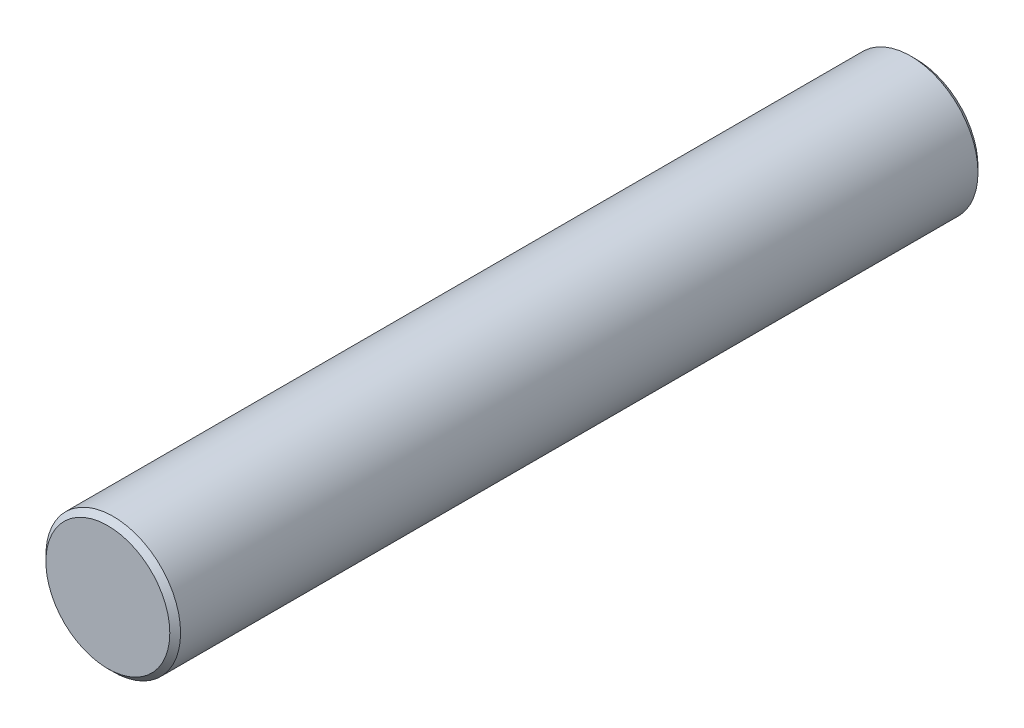
SolidWorks part; units mm, degrees
ref_plane "Front Plane" through (0, 0, 0) normal (0, 0, 1) x (1, 0, 0)
ref_plane "Top Plane" through (0, 0, 0) normal (0, 1, 0) x (1, 0, 0)
ref_plane "Right Plane" through (0, 0, 0) normal (1, 0, 0) x (0, 0, -1)
sketch "Sketch2" plane through (0, 0, 0) normal (0, 0, 1) x (1, 0, 0)
  circle A0 centre (0, 0) radius 2.5
  dimension "D1" = 5
extrude "Boss-Extrude1" add sketch "Sketch2" along normal blind 30
chamfer "Chamfer1" distance 0.2 angle 45 2 edges at (2.5, 0, 30) (2.5, 0, 0)
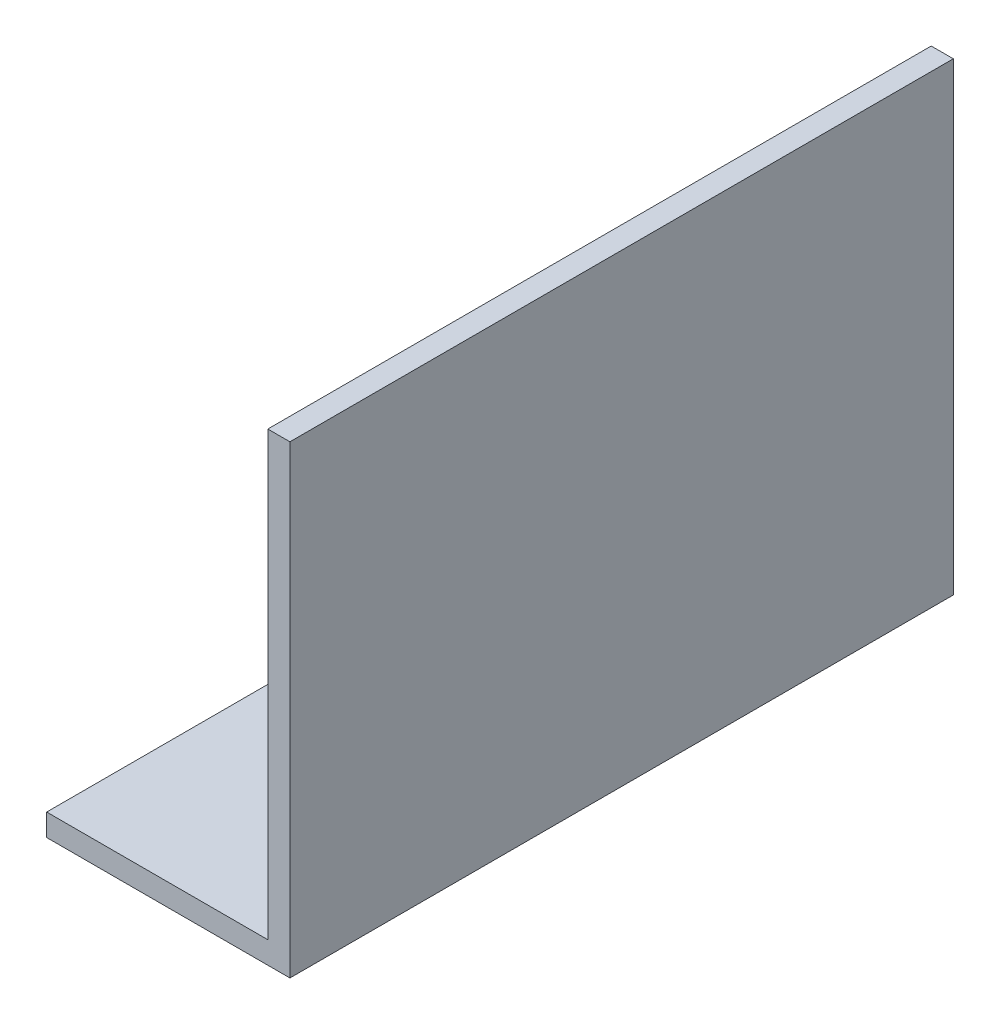
SolidWorks part; units mm, degrees
ref_plane "Plan de face" through (0, 0, 0) normal (0, 0, 1) x (1, 0, 0)
ref_plane "Plan de dessus" through (0, 0, 0) normal (0, 1, 0) x (1, 0, 0)
ref_plane "Plan de droite" through (0, 0, 0) normal (1, 0, 0) x (0, 0, -1)
sketch "Esquisse1" plane through (0, 0, 0) normal (0, 0, 1) x (1, 0, 0)
  line L0 (0, 0) -> (20, 0)
  line L1 (20, 0) -> (20, 40)
  dimension "D1" = 20
  dimension "D2" = 40
extrude "Extru.-Mince1" add sketch "Esquisse1" along normal blind 60 thin
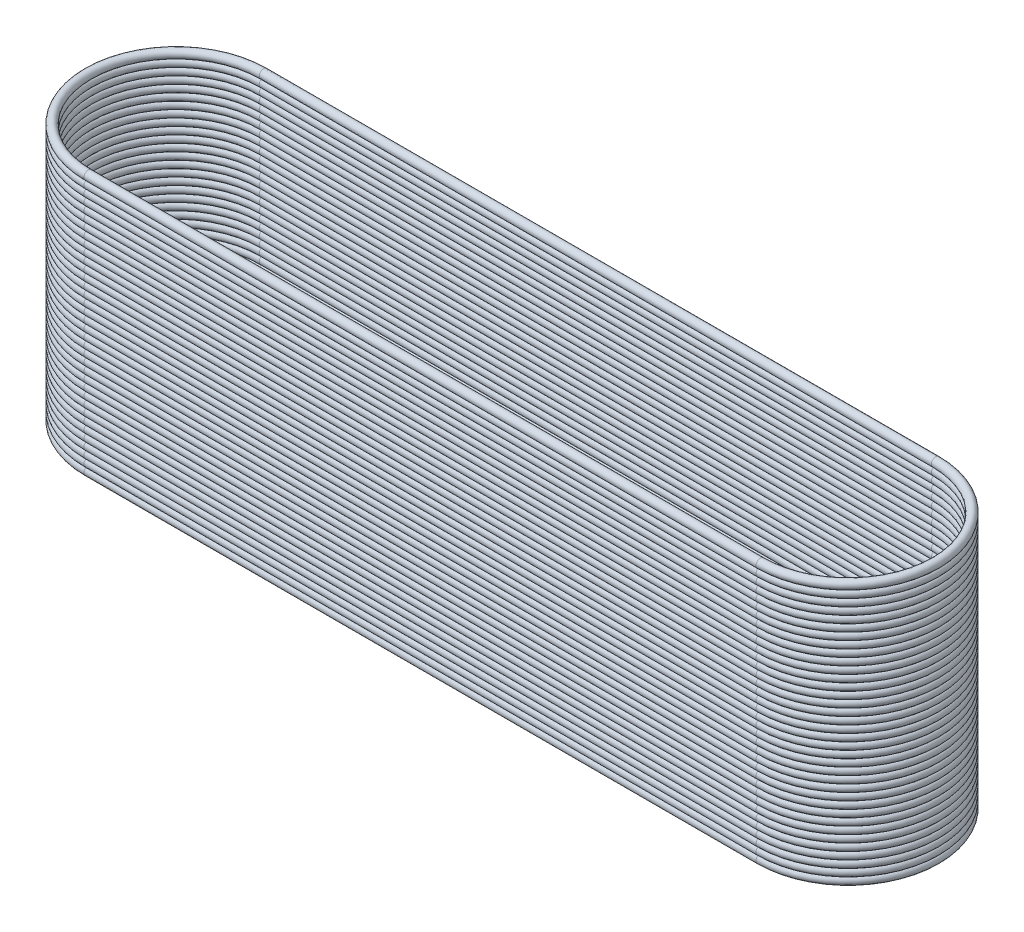
SolidWorks part; units mm, degrees
ref_plane "Front Plane" through (0, 0, 0) normal (0, 0, 1) x (1, 0, 0)
ref_plane "Top Plane" through (0, 0, 0) normal (0, 1, 0) x (1, 0, 0)
ref_plane "Right Plane" through (0, 0, 0) normal (1, 0, 0) x (0, 0, -1)
sketch "Sketch1" plane through (0, 0, 0) normal (0, 1, 0) x (1, 0, 0)
  line L0 (-11.5, 0) -> (11.5, 0) construction
  line L1 (-55, 0) -> (55, 0) construction
  line L2 (-11.5, 3) -> (11.5, 3)
  line L3 (-11.5, -3) -> (11.5, -3)
  arc A0 (-11.5, 3) -> (-11.5, -3) centre (-11.5, 0) ccw
  arc A1 (11.5, -3) -> (11.5, 3) centre (11.5, 0) ccw
  point P5 (0, 0)
  dimension "D2" = 3
  dimension "D1" = 23
sketch "Sketch2" plane through (0, 0, 0) normal (1, 0, 0) x (0, 0, -1)
  line L0 (3, 0) -> (-3, 0) construction
  line L1 (3, 0) -> (-3, 0) construction
  circle A0 centre (3, 0) radius 0.15
sweep "Sweep1" add profiles "Sketch2" path "Sketch1"
sketch "Sketch3" plane through (0, 0, 0) normal (0, 0, 1) x (1, 0, 0)
  line L0 (0, 0) -> (0, 1.9673) construction
pattern_linear "LPattern1" count 36 spacing 0.25 along (0, 1, 0) of "Sweep1"
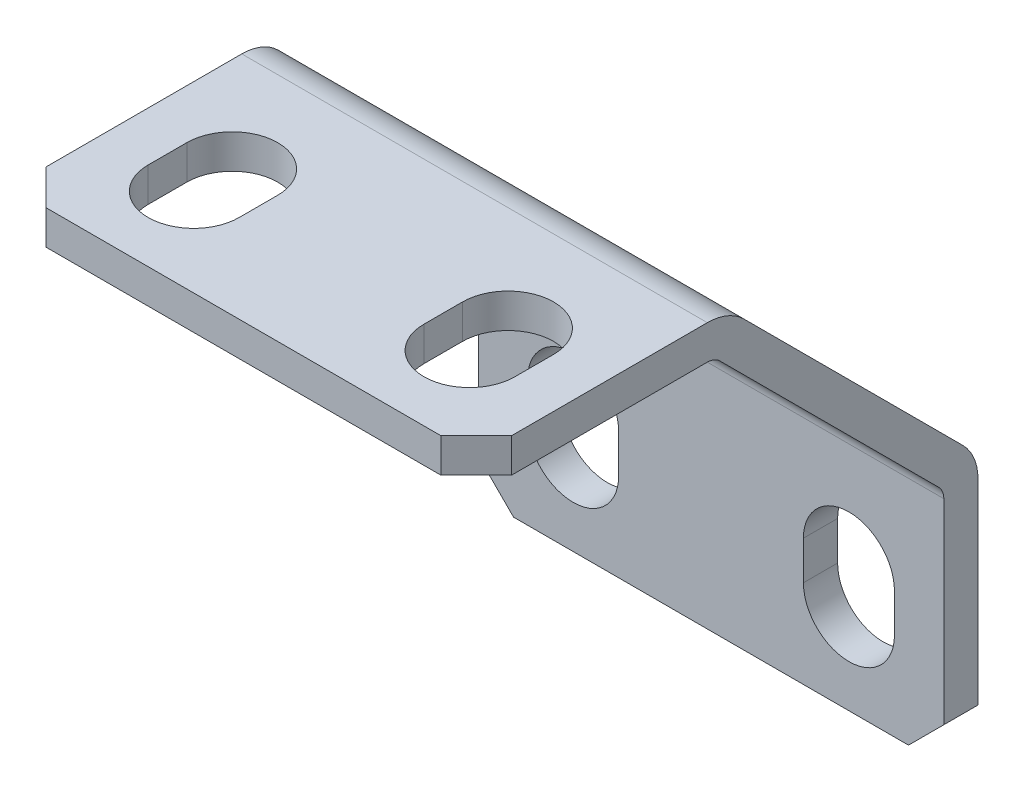
SolidWorks part; units mm, degrees
material "Custom Plastic"
ref_plane "Front Plane" through (0, 0, 0) normal (0, 0, 1) x (1, 0, 0)
ref_plane "Top Plane" through (0, 0, 0) normal (0, 1, 0) x (1, 0, 0)
ref_plane "Right Plane" through (0, 0, 0) normal (1, 0, 0) x (0, 0, -1)
ref_plane "Plane1" through (10.7188, 0, 0) normal (1, 0, 0) x (0, 0, -1)
sketch "Sketch1" plane through (10.7188, 0, 0) normal (1, 0, 0) x (0, 0, -1)
  line L0 (-23.1063, 17.7859) -> (-23.1063, -5.3213)
  line L1 (-23.1063, -5.3213) -> (0, -5.3213)
  line L2 (0, -5.3213) -> (0, 6.3103)
  line L3 (0, 6.3103) -> (-11.4756, 17.7859)
  line L4 (-11.4756, 17.7859) -> (-23.1063, 17.7859)
extrude "Boss-Extrude1" add sketch "Sketch1" against normal blind 21.4376
sketch "Sketch2" plane through (-10.7188, 0, 0) normal (-1, 0, 0) x (0, 0, 1)
  line L0 (23.1063, -5.3213) -> (23.1063, 16.2111)
  line L1 (23.1063, 16.2111) -> (12.1279, 16.2111)
  line L2 (12.1279, 16.2111) -> (1.5748, 5.658)
  line L3 (1.5748, 5.658) -> (1.5748, -5.3213)
  line L4 (1.5748, -5.3213) -> (23.1063, -5.3213)
extrude "Cut-Extrude1" cut sketch "Sketch2" against normal through all
sketch "Sketch3" plane through (0, 16.2111, 0) normal (0, -1, 0) x (1, 0, 0)
  line L0 (-4.2545, 17.272) -> (-4.2545, 19.05)
  line L1 (-8.4455, 19.05) -> (-8.4455, 17.272)
  arc A0 (-4.2545, 19.05) -> (-8.4455, 19.05) centre (-6.35, 19.05) ccw
  arc A1 (-8.4455, 17.272) -> (-4.2545, 17.272) centre (-6.35, 17.272) ccw
extrude "Cut-Extrude2" cut sketch "Sketch3" against normal through all
sketch "Sketch4" plane through (0, 17.7859, 0) normal (0, 1, 0) x (-1, 0, 0)
  line L0 (-8.4455, 19.05) -> (-8.4455, 17.272)
  line L1 (-4.2545, 17.272) -> (-4.2545, 19.05)
  arc A0 (-8.4455, 17.272) -> (-4.2545, 17.272) centre (-6.35, 17.272) ccw
  arc A1 (-4.2545, 19.05) -> (-8.4455, 19.05) centre (-6.35, 19.05) ccw
extrude "Cut-Extrude3" cut sketch "Sketch4" against normal through all
sketch "Sketch5" plane through (0, 0, 1.5748) normal (0, 0, 1) x (1, 0, 0)
  line L0 (4.2545, 0.5139) -> (4.2545, -1.2641)
  line L1 (8.4455, -1.2641) -> (8.4455, 0.5139)
  arc A0 (4.2545, -1.2641) -> (8.4455, -1.2641) centre (6.35, -1.2641) ccw
  arc A1 (8.4455, 0.5139) -> (4.2545, 0.5139) centre (6.35, 0.5139) ccw
extrude "Cut-Extrude4" cut sketch "Sketch5" against normal through all
sketch "Sketch6" plane through (0, 0, 0) normal (0, 0, -1) x (-1, 0, 0)
  line L0 (8.4455, -1.2641) -> (8.4455, 0.5139)
  line L1 (4.2545, 0.5139) -> (4.2545, -1.2641)
  arc A0 (8.4455, 0.5139) -> (4.2545, 0.5139) centre (6.35, 0.5139) ccw
  arc A1 (4.2545, -1.2641) -> (8.4455, -1.2641) centre (6.35, -1.2641) ccw
extrude "Cut-Extrude5" cut sketch "Sketch6" against normal through all
chamfer "Chamfer1" distance 1.6256 angle 45 4 edges at (10.7188, 16.9985, 23.1063) (10.7188, -5.3213, 0.7874) (-10.7188, 16.9985, 23.1063) (-10.7188, -5.3213, 0.7874)
fillet "Fillet1" radius 0.8128 2 edges at (0, 16.2111, 12.1279) (0, 5.658, 1.5748)
fillet "Fillet2" radius 2.3876 2 edges at (0, 6.3103, 0) (0, 17.7859, 11.4756)
◆ ◆ ◆ ◆
= What the task asks =
All lines of the material that contain the string "angle" are to be copied.

= Written reply =
chamfer "Chamfer1" distance 0.2 angle 45 2 edges at (2.5, 0, 30) (2.5, 0, 0)
chamfer "Chamfer1" distance 1.6256 angle 45 4 edges at (10.7188, 16.9985, 23.1063) (10.7188, -5.3213, 0.7874) (-10.7188, 16.9985, 23.1063) (-10.7188, -5.3213, 0.7874)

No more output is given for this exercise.